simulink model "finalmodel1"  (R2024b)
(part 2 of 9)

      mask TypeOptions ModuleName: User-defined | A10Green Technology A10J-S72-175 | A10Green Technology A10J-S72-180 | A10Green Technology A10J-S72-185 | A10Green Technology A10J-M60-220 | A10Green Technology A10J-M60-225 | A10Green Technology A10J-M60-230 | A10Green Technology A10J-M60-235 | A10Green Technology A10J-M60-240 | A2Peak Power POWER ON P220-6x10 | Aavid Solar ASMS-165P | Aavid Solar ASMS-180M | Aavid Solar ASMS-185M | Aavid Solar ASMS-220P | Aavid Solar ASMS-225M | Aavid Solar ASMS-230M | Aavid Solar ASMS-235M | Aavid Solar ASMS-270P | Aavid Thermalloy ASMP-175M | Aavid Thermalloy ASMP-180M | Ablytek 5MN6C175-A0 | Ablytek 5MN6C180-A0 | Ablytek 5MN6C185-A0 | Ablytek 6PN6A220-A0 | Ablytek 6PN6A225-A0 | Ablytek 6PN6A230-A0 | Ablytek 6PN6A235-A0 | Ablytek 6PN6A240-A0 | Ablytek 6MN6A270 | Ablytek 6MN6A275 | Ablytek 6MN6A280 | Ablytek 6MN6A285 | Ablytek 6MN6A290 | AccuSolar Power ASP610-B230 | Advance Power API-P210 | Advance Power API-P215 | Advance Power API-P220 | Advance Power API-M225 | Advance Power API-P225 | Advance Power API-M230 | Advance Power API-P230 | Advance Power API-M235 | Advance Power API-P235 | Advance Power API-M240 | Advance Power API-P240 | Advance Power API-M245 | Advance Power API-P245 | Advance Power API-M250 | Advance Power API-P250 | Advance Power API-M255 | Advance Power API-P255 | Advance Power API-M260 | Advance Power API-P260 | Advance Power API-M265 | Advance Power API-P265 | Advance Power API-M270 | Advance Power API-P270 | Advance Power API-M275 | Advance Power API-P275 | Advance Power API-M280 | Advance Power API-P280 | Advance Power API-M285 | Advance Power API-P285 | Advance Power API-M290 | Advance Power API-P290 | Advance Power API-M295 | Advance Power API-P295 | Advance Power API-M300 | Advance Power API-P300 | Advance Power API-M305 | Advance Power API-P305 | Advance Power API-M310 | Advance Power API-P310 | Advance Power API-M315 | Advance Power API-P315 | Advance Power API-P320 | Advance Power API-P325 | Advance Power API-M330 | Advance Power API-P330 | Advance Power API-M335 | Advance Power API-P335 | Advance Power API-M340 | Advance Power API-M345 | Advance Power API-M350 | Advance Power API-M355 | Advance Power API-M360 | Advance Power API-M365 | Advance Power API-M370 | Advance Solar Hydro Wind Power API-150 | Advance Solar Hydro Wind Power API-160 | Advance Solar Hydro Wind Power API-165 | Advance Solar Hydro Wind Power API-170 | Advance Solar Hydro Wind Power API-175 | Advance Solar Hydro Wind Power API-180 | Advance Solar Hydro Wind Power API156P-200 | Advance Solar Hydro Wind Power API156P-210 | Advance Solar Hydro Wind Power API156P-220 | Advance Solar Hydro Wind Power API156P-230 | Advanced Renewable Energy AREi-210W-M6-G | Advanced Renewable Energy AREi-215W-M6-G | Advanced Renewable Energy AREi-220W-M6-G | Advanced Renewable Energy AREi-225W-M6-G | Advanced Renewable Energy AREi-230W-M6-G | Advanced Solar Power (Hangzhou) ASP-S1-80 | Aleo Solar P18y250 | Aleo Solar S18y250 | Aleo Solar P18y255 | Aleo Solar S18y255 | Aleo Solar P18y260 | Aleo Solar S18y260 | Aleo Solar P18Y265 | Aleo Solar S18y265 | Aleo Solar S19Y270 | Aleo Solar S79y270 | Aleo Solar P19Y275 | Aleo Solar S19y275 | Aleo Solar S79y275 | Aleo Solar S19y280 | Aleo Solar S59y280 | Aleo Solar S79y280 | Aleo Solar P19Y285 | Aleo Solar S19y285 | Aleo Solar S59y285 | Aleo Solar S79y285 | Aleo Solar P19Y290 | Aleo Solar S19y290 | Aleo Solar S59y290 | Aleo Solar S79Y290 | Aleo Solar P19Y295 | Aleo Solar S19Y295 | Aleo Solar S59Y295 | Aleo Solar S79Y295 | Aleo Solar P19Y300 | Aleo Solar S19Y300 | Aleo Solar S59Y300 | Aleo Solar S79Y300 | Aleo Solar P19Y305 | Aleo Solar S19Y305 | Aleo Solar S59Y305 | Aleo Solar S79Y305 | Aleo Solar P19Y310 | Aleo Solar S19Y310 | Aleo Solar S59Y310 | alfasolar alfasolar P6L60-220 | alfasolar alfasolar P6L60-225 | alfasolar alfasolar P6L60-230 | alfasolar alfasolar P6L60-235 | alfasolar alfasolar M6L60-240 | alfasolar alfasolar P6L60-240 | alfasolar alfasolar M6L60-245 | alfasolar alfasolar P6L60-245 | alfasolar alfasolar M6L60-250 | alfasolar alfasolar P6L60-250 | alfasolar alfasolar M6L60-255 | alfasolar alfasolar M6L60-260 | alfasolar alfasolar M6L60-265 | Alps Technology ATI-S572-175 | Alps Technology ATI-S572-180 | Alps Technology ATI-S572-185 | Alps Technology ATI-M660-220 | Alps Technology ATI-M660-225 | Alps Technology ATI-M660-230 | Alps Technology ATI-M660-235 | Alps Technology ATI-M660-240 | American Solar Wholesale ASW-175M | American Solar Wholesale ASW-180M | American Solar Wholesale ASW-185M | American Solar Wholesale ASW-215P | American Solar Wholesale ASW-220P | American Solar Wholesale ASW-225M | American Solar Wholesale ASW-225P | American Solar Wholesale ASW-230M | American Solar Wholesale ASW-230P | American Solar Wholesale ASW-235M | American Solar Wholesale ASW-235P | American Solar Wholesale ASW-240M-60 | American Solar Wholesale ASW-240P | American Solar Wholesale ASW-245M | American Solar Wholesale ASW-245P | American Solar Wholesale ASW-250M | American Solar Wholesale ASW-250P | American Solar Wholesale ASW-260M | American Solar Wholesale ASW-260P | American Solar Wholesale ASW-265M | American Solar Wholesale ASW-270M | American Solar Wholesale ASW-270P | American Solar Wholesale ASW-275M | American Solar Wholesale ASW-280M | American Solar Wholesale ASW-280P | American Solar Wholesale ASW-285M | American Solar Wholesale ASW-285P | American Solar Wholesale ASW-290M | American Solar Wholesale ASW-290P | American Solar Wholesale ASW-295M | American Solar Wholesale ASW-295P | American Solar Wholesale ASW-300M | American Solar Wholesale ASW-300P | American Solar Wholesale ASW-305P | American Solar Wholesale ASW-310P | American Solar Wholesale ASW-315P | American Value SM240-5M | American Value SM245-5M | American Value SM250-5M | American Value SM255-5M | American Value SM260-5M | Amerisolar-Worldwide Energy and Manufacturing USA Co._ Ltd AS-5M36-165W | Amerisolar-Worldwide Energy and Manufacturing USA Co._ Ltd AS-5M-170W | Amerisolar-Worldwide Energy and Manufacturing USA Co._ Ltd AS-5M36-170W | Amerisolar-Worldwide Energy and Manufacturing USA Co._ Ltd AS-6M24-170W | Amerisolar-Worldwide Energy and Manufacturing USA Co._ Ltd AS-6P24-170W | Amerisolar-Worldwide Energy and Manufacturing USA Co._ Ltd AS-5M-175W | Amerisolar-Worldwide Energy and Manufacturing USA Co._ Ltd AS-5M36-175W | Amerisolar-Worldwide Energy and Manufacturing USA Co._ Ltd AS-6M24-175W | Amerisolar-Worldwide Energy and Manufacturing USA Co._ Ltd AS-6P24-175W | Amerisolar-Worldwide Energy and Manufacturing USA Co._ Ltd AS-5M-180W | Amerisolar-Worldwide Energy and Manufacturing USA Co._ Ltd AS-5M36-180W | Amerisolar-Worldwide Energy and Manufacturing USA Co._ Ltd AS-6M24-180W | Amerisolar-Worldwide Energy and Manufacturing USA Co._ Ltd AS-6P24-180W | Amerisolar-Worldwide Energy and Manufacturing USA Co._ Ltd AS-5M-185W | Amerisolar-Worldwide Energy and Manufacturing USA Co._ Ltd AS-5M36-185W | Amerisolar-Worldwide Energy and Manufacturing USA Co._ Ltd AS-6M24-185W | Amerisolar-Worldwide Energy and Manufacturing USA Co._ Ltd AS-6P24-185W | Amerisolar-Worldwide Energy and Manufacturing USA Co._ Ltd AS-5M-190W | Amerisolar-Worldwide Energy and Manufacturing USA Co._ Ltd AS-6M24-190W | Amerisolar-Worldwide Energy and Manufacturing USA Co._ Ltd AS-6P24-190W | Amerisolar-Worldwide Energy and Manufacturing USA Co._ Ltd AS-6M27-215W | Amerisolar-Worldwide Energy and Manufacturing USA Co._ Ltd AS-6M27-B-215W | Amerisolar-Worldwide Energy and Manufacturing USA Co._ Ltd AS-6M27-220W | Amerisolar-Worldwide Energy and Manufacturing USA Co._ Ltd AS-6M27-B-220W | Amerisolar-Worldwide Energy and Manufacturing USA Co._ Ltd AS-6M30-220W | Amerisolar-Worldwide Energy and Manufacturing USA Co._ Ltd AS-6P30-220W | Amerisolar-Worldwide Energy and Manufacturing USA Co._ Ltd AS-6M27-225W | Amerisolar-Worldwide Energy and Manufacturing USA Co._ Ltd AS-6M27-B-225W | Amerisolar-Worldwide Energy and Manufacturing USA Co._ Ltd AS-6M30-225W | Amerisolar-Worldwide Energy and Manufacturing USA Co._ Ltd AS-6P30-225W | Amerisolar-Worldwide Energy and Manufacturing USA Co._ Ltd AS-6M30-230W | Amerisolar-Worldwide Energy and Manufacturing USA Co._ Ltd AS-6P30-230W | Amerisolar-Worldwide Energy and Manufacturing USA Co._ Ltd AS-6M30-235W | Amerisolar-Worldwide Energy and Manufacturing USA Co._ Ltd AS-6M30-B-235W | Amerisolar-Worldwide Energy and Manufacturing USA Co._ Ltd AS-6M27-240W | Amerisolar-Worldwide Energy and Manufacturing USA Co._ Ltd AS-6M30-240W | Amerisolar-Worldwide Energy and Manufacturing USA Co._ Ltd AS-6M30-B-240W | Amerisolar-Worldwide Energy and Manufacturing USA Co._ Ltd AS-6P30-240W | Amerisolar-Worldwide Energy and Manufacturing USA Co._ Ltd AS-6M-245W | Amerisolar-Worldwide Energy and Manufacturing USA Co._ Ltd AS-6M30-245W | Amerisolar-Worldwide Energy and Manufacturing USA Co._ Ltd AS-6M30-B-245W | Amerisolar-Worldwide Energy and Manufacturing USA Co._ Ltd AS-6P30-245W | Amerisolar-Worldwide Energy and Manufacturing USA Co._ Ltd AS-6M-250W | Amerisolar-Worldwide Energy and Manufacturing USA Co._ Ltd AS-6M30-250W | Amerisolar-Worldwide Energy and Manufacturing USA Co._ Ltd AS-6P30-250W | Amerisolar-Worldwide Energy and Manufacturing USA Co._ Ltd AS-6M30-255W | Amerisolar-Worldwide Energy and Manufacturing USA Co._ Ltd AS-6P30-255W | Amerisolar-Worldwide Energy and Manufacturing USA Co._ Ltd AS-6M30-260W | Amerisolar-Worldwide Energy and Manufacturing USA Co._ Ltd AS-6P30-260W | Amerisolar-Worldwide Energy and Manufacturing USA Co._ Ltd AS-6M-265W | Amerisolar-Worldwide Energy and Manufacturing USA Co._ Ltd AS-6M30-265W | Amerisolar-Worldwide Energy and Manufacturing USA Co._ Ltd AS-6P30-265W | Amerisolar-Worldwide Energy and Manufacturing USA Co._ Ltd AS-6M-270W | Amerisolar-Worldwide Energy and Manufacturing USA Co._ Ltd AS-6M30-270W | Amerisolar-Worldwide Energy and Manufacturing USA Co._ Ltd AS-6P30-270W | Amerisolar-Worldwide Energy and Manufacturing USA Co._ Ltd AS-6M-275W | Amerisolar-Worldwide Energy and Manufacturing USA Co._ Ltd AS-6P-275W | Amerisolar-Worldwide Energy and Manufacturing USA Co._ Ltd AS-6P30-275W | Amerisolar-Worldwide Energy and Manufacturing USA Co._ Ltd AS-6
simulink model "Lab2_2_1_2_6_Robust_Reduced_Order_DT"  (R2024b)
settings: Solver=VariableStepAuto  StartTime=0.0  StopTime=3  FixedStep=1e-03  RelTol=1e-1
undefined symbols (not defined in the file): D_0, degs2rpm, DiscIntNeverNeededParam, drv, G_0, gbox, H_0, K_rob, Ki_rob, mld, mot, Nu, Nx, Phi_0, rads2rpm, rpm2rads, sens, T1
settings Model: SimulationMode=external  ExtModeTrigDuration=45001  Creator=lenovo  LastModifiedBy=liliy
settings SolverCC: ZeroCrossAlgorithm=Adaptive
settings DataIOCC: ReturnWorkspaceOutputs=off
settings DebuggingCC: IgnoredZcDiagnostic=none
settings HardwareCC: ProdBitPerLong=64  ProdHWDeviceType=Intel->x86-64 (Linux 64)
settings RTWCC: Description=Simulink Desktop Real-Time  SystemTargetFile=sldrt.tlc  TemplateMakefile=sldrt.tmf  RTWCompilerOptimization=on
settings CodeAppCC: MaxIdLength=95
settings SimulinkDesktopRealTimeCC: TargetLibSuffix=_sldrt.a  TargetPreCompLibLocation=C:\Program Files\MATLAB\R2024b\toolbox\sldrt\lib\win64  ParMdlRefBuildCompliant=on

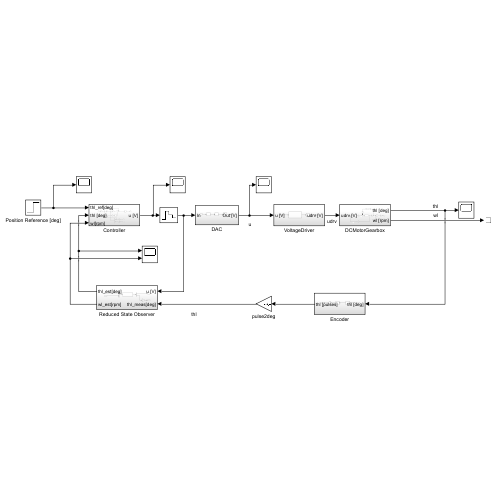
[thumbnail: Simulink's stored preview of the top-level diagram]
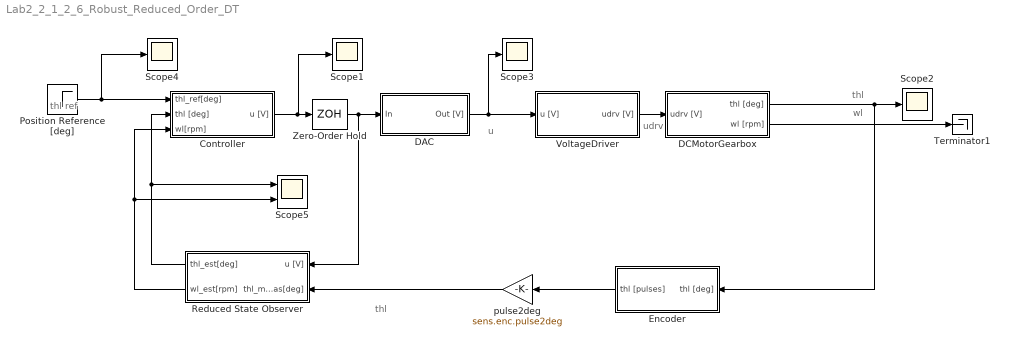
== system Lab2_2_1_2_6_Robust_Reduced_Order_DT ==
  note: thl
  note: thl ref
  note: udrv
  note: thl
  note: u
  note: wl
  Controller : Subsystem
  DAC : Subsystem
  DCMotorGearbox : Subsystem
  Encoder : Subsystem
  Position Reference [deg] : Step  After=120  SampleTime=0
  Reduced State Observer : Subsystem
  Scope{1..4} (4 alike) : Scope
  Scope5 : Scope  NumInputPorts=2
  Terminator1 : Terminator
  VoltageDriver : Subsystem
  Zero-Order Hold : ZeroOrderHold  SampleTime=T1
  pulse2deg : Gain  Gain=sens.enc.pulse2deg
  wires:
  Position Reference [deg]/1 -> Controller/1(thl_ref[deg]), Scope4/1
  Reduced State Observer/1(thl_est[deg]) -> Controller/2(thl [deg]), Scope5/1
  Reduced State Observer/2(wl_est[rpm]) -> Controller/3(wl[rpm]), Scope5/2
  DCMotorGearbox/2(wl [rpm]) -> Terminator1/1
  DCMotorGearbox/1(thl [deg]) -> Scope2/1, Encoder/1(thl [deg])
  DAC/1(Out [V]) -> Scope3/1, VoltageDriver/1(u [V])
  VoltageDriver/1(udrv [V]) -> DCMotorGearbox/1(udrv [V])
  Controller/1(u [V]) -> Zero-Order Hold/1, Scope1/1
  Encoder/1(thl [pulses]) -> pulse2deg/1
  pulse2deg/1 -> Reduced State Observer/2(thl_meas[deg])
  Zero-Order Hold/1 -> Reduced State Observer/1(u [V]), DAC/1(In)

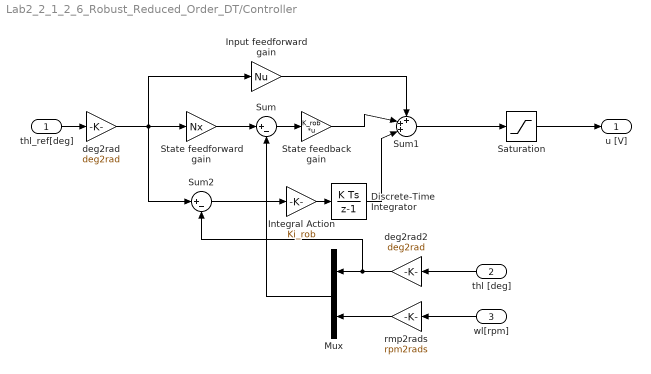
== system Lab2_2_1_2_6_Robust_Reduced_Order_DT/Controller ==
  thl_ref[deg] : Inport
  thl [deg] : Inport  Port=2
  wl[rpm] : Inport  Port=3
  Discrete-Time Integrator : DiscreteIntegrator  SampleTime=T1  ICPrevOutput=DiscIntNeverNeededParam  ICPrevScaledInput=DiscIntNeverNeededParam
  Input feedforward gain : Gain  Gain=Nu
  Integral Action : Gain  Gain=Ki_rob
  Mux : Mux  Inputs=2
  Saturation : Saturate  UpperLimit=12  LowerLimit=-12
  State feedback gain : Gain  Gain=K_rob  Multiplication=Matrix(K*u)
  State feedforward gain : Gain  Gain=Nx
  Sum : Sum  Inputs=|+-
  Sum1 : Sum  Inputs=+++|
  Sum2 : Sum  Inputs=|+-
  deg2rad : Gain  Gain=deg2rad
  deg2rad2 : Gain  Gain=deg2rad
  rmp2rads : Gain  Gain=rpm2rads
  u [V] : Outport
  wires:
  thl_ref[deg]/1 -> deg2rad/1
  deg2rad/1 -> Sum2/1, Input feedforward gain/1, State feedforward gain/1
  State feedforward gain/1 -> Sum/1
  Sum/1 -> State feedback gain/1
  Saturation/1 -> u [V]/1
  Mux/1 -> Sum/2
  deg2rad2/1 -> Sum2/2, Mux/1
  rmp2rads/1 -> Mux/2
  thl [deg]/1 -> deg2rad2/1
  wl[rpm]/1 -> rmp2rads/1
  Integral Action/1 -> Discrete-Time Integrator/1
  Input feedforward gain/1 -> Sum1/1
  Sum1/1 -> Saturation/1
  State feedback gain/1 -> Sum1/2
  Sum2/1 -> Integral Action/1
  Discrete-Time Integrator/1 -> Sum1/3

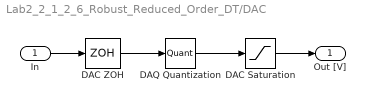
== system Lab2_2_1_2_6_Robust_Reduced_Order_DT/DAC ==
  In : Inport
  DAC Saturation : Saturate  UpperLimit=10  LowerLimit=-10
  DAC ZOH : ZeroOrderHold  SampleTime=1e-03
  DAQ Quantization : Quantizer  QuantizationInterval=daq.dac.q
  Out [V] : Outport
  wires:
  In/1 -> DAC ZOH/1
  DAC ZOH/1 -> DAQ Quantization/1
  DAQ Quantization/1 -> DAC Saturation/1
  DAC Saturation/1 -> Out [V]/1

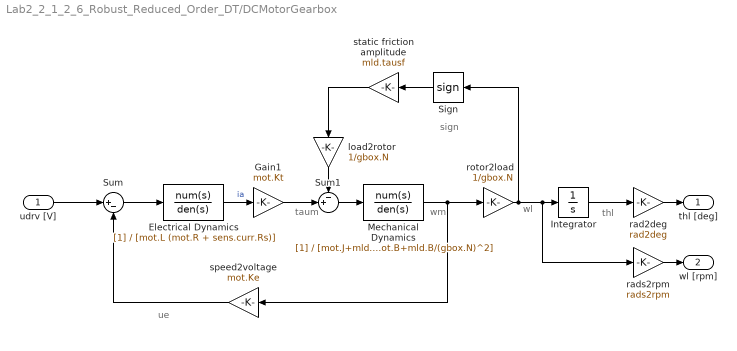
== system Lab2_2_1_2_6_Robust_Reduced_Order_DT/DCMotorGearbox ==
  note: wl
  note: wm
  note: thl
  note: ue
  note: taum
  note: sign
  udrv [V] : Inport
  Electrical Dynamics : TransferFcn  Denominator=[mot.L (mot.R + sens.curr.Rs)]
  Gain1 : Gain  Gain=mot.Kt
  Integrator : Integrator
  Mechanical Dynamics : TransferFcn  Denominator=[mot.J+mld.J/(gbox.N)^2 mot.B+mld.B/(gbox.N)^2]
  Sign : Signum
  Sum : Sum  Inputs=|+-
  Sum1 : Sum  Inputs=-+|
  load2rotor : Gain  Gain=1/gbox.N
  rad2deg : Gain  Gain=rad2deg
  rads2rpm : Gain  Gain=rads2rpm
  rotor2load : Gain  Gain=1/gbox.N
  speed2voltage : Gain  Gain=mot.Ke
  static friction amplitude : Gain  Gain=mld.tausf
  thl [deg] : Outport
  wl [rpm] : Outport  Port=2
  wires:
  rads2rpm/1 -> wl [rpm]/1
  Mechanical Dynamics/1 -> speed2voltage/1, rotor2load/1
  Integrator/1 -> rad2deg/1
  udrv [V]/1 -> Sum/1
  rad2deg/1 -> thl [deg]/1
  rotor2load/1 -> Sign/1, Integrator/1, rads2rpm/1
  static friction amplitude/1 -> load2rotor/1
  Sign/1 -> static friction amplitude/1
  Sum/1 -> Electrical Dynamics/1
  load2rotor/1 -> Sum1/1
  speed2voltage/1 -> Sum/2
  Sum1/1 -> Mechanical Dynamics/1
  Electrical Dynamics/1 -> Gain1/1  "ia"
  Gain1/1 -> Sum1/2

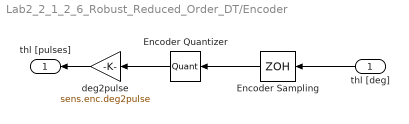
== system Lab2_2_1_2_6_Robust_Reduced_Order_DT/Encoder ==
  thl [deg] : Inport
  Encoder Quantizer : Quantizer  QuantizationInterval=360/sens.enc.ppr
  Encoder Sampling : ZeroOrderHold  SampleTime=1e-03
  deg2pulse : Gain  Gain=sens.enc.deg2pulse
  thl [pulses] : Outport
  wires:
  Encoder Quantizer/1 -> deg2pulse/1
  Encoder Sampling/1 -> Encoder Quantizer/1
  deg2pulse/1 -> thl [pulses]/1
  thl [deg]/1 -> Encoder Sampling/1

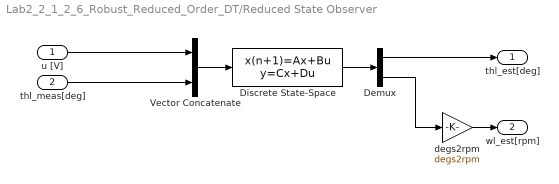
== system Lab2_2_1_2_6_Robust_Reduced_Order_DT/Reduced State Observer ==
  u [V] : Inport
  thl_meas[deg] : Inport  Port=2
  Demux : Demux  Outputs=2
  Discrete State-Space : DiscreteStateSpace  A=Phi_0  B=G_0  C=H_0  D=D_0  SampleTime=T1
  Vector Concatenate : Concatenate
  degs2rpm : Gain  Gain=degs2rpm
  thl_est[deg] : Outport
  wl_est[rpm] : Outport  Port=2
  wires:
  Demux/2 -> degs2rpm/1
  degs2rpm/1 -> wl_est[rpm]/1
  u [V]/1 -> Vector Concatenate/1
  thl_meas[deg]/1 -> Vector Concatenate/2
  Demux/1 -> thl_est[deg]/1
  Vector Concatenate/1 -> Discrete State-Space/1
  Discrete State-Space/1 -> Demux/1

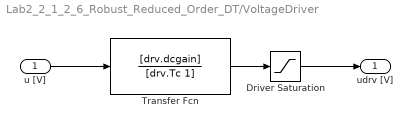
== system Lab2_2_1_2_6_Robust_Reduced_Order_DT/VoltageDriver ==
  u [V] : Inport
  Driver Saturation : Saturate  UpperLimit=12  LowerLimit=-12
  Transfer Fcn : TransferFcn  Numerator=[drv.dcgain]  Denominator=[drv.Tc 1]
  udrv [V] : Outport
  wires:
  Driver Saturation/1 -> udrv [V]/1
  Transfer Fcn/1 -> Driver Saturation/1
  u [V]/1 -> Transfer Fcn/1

EXERCISE:
Reproduce every line from the preceding data in which the word "Position" can be found.

RESPONSE BOX:
  Position Reference [deg] : Step  After=120  SampleTime=0
  Position Reference [deg]/1 -> Controller/1(thl_ref[deg]), Scope4/1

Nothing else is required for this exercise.